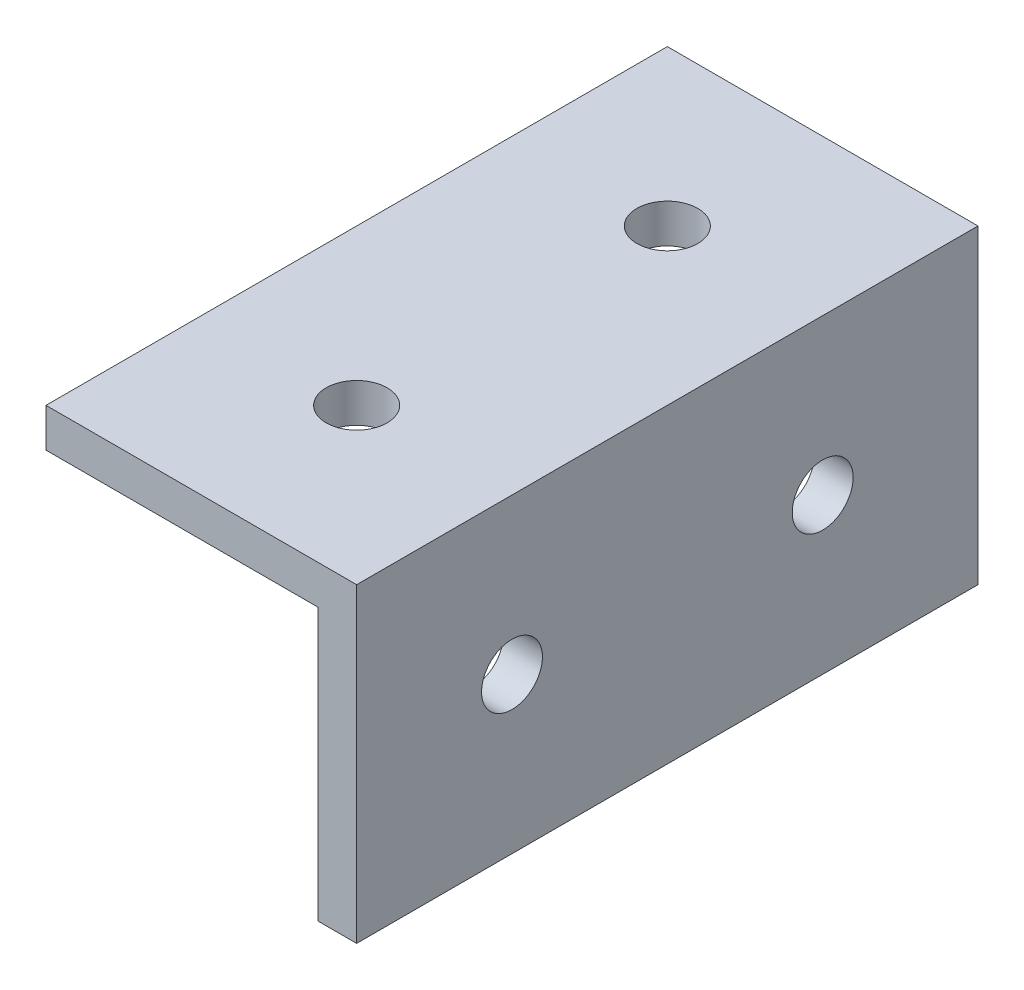
from build123d import *

# Parameters (mm, degrees)
BOSS_EXTRUDE1_DEPTH        = 50.8
F_9_0_196_DIAMETER_HOLE1_D = 4.9784
F_9_0_196_DIAMETER_HOLE2_D = 4.9784


with BuildPart() as part:
    # Sketch1 → Boss-Extrude1 (new body)
    with BuildSketch(Plane(origin=(0, 0, 0), x_dir=(0, 1, 0), z_dir=(0, 0, 1))):
        Polygon((12.7, 12.7), (12.7, -12.7), (-12.7, -12.7), (-12.7, -9.525), (9.525, -9.525), (9.525, 12.7), align=None)
    extrude(amount=BOSS_EXTRUDE1_DEPTH)

    # #9 (0.196) Diameter Hole1 (through all)
    with Locations(Plane(origin=(0, 12.7, 0), x_dir=(-1, 0, 0), z_dir=(0, 1, 0))):
        with Locations((0, 38.1), (0, 12.7)):
            Hole(F_9_0_196_DIAMETER_HOLE1_D / 2)

    # #9 (0.196) Diameter Hole2 (through all)
    with Locations(Plane.YZ.offset(12.7)):
        with Locations((0, 38.1), (0, 12.7)):
            Hole(F_9_0_196_DIAMETER_HOLE2_D / 2)


solid = part.part

» EXERCISE REQUIREMENTS
Report back each line of the entries that holds the string "Plane".

» RESPONSE TO THIS TASK
    with BuildSketch(Plane(origin=(0, 0, 0), x_dir=(0, 1, 0), z_dir=(0, 0, 1))):
    with Locations(Plane(origin=(0, 12.7, 0), x_dir=(-1, 0, 0), z_dir=(0, 1, 0))):
    with Locations(Plane.YZ.offset(12.7)):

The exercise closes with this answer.